_What is being asked:_ Output all the data exactly. Pictures do not belong in the copy.

[Extracted records]

= = = =

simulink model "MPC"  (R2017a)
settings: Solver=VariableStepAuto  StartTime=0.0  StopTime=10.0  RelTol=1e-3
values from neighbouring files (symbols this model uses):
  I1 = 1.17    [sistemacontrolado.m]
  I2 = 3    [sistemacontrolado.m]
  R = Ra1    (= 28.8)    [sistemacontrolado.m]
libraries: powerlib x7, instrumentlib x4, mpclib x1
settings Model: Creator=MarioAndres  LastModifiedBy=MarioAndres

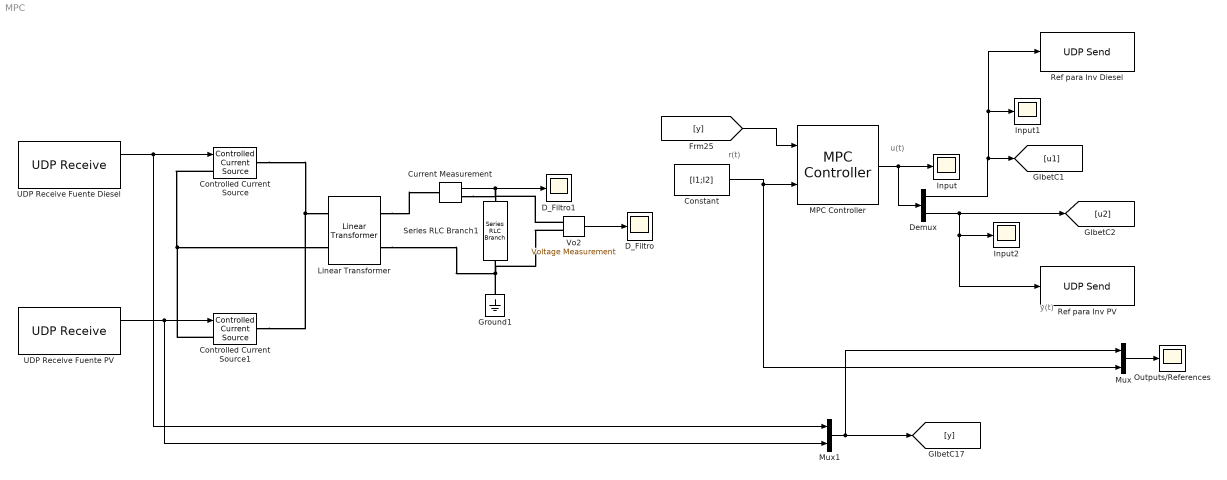
== system MPC ==
  note: u(t)
  note: y(t)
  note: r(t)
  Constant : Constant  Value=[I1;I2]
  Controlled Current Source : powerlib/Electrical Sources/Controlled Current Source  Initialize=on  Source_Type=AC  Amplitude=0  Phase=0  Frequency=0  Measurements=None
  Controlled Current Source1 : powerlib/Electrical Sources/Controlled Current Source  Initialize=on  Source_Type=AC  Amplitude=0  Phase=0  Frequency=0  Measurements=None
  Current Measurement : powerlib/Measurements/Current Measurement  PhasorSimulation=off  OutputType=Complex  PSBequivalent=0
  D_Filtro : Scope
  D_Filtro1 : Scope
  Demux : Demux  Outputs=2
  Ground1 : powerlib/Elements/Ground  LConnTagsString=a
  Input : Scope
  Input1 : Scope
  Input2 : Scope
  Linear Transformer : powerlib/Elements/Linear Transformer  UNITS=SI  NominalPower=[ 1500 60 ]  winding1=[141.2 0 0.003]  winding2=[120 0.004 0.084225]  ThreeWindings=off  winding3=[3.15e+05 0.7938 0.084225]  RmLm=[1.0805e+06 2866]  Measurements=None  DataType=on
  MPC Controller : mpclib/MPC Controller  mpcobj=mpcobj  x0=[]  is_multiple=0  enable_value=0  return_u0=off  ref_from_ws=off  ref_signal_name=[]  ref_preview=on  md_from_ws=off  md_signal_name=[]  md_preview=on  from_project=off  project_file=MPCtask.mat  md_inport=off  mv_inport=off  cost_outport=off  return_sequence=off  return_qpstatus=off  return_state=off  state_inport=off  lims_inport=off  ywt_inport=off  is_designfromscratch=0  uwt_inport=off  duwt_inport=off  rhoeps_inport=off  uref_inport=off  n_ts=0.1  n_mv=2  n_md=0  n_ud=0  n_mo=2  n_uo=0  BlockDataType=double  SampleTimeInherited=off  switch_inport=off
  Mux : Mux  Inputs=2
  Mux1 : Mux  Inputs=2
  Outputs/References : Scope
  Ref para Inv Diesel : instrumentlib/UDP Send  Priority=2  Host=169.254.26.197  Port=51006  LocalPort=51007  EnableBlockingMode=on  ByteOrder=BigEndian
      settings: SourceProductName=Instrument Control Toolbox
  Ref para Inv PV : instrumentlib/UDP Send  Priority=2  Host=196.254.26.15  Port=51002  LocalPort=51003  EnableBlockingMode=on  ByteOrder=BigEndian
      settings: SourceProductName=Instrument Control Toolbox
  Series RLC Branch1 : powerlib/Elements/Series RLC Branch  LConnTagsString=__new0  RConnTagsString=__new0  BranchType=R  Resistance=R  Inductance=25e-3  SetiL0=off  InitialCurrent=0  Capacitance=5.30e-3  Setx0=off  InitialVoltage=0  Measurements=None
  UDP Receive Fuente Diesel : instrumentlib/UDP Receive  Host=169.254.26.197  Port=51006  LocalPort=51007  DataSize="[6  1]"  EnableBlockingMode=off  Timeout=1  SampleTime=1  DataType=uint8  ByteOrder=BigEndian
      settings: SourceProductName=Instrument Control Toolbox
  UDP Receive Fuente PV : instrumentlib/UDP Receive  Host=169.254.26.15  Port=51002  LocalPort=51003  DataSize="[6  1]"  EnableBlockingMode=off  Timeout=1  SampleTime=1  DataType=uint8  ByteOrder=BigEndian
      settings: SourceProductName=Instrument Control Toolbox
  Vo2 : powerlib/Measurements/Voltage Measurement  PhasorSimulation=off  OutputType=Complex  PSBequivalent=0
  wires:
  [y] -> MPC Controller/1
  Demux/2 -> Ref para Inv PV/1, Input2/1, [u2]
  Constant/1 -> Mux/2, MPC Controller/2
  Mux/1 -> Outputs/References/1
  MPC Controller/1 -> Demux/1, Input/1
  Demux/1 -> Ref para Inv Diesel/1, Input1/1, [u1]
  Vo2/1 -> D_Filtro/1
  Current Measurement/1 -> D_Filtro1/1
  UDP Receive Fuente PV/1 -> Mux1/2, Controlled Current Source1/1
  Mux1/1 -> Mux/1, [y]
  UDP Receive Fuente Diesel/1 -> Mux1/1, Controlled Current Source/1
  connections:
  Series RLC Branch1/LConn1 -- Vo2/LConn1 -- Current Measurement/RConn1
  Series RLC Branch1/RConn1 -- Ground1/LConn1 -- Linear Transformer/RConn2 -- Vo2/LConn2
  Linear Transformer/RConn1 -- Current Measurement/LConn1
  Controlled Current Source/RConn1 -- Controlled Current Source1/RConn1 -- Linear Transformer/LConn1
  Controlled Current Source/LConn1 -- Controlled Current Source1/LConn1 -- Linear Transformer/LConn2

= = = =

_Answer box:_
simulink model "MPC"  (R2017a)
settings: Solver=VariableStepAuto  StartTime=0.0  StopTime=10.0  RelTol=1e-3
values from neighbouring files (symbols this model uses):
  I1 = 1.17    [sistemacontrolado.m]
  I2 = 3    [sistemacontrolado.m]
  R = Ra1    (= 28.8)    [sistemacontrolado.m]
libraries: powerlib x7, instrumentlib x4, mpclib x1
settings Model: Creator=MarioAndres  LastModifiedBy=MarioAndres

== system MPC ==
  note: u(t)
  note: y(t)
  note: r(t)
  Constant : Constant  Value=[I1;I2]
  Controlled Current Source : powerlib/Electrical Sources/Controlled Current Source  Initialize=on  Source_Type=AC  Amplitude=0  Phase=0  Frequency=0  Measurements=None
  Controlled Current Source1 : powerlib/Electrical Sources/Controlled Current Source  Initialize=on  Source_Type=AC  Amplitude=0  Phase=0  Frequency=0  Measurements=None
  Current Measurement : powerlib/Measurements/Current Measurement  PhasorSimulation=off  OutputType=Complex  PSBequivalent=0
  D_Filtro : Scope
  D_Filtro1 : Scope
  Demux : Demux  Outputs=2
  Ground1 : powerlib/Elements/Ground  LConnTagsString=a
  Input : Scope
  Input1 : Scope
  Input2 : Scope
  Linear Transformer : powerlib/Elements/Linear Transformer  UNITS=SI  NominalPower=[ 1500 60 ]  winding1=[141.2 0 0.003]  winding2=[120 0.004 0.084225]  ThreeWindings=off  winding3=[3.15e+05 0.7938 0.084225]  RmLm=[1.0805e+06 2866]  Measurements=None  DataType=on
  MPC Controller : mpclib/MPC Controller  mpcobj=mpcobj  x0=[]  is_multiple=0  enable_value=0  return_u0=off  ref_from_ws=off  ref_signal_name=[]  ref_preview=on  md_from_ws=off  md_signal_name=[]  md_preview=on  from_project=off  project_file=MPCtask.mat  md_inport=off  mv_inport=off  cost_outport=off  return_sequence=off  return_qpstatus=off  return_state=off  state_inport=off  lims_inport=off  ywt_inport=off  is_designfromscratch=0  uwt_inport=off  duwt_inport=off  rhoeps_inport=off  uref_inport=off  n_ts=0.1  n_mv=2  n_md=0  n_ud=0  n_mo=2  n_uo=0  BlockDataType=double  SampleTimeInherited=off  switch_inport=off
  Mux : Mux  Inputs=2
  Mux1 : Mux  Inputs=2
  Outputs/References : Scope
  Ref para Inv Diesel : instrumentlib/UDP Send  Priority=2  Host=169.254.26.197  Port=51006  LocalPort=51007  EnableBlockingMode=on  ByteOrder=BigEndian
      settings: SourceProductName=Instrument Control Toolbox
  Ref para Inv PV : instrumentlib/UDP Send  Priority=2  Host=196.254.26.15  Port=51002  LocalPort=51003  EnableBlockingMode=on  ByteOrder=BigEndian
      settings: SourceProductName=Instrument Control Toolbox
  Series RLC Branch1 : powerlib/Elements/Series RLC Branch  LConnTagsString=__new0  RConnTagsString=__new0  BranchType=R  Resistance=R  Inductance=25e-3  SetiL0=off  InitialCurrent=0  Capacitance=5.30e-3  Setx0=off  InitialVoltage=0  Measurements=None
  UDP Receive Fuente Diesel : instrumentlib/UDP Receive  Host=169.254.26.197  Port=51006  LocalPort=51007  DataSize="[6  1]"  EnableBlockingMode=off  Timeout=1  SampleTime=1  DataType=uint8  ByteOrder=BigEndian
      settings: SourceProductName=Instrument Control Toolbox
  UDP Receive Fuente PV : instrumentlib/UDP Receive  Host=169.254.26.15  Port=51002  LocalPort=51003  DataSize="[6  1]"  EnableBlockingMode=off  Timeout=1  SampleTime=1  DataType=uint8  ByteOrder=BigEndian
      settings: SourceProductName=Instrument Control Toolbox
  Vo2 : powerlib/Measurements/Voltage Measurement  PhasorSimulation=off  OutputType=Complex  PSBequivalent=0
  wires:
  [y] -> MPC Controller/1
  Demux/2 -> Ref para Inv PV/1, Input2/1, [u2]
  Constant/1 -> Mux/2, MPC Controller/2
  Mux/1 -> Outputs/References/1
  MPC Controller/1 -> Demux/1, Input/1
  Demux/1 -> Ref para Inv Diesel/1, Input1/1, [u1]
  Vo2/1 -> D_Filtro/1
  Current Measurement/1 -> D_Filtro1/1
  UDP Receive Fuente PV/1 -> Mux1/2, Controlled Current Source1/1
  Mux1/1 -> Mux/1, [y]
  UDP Receive Fuente Diesel/1 -> Mux1/1, Controlled Current Source/1
  connections:
  Series RLC Branch1/LConn1 -- Vo2/LConn1 -- Current Measurement/RConn1
  Series RLC Branch1/RConn1 -- Ground1/LConn1 -- Linear Transformer/RConn2 -- Vo2/LConn2
  Linear Transformer/RConn1 -- Current Measurement/LConn1
  Controlled Current Source/RConn1 -- Controlled Current Source1/RConn1 -- Linear Transformer/LConn1
  Controlled Current Source/LConn1 -- Controlled Current Source1/LConn1 -- Linear Transformer/LConn2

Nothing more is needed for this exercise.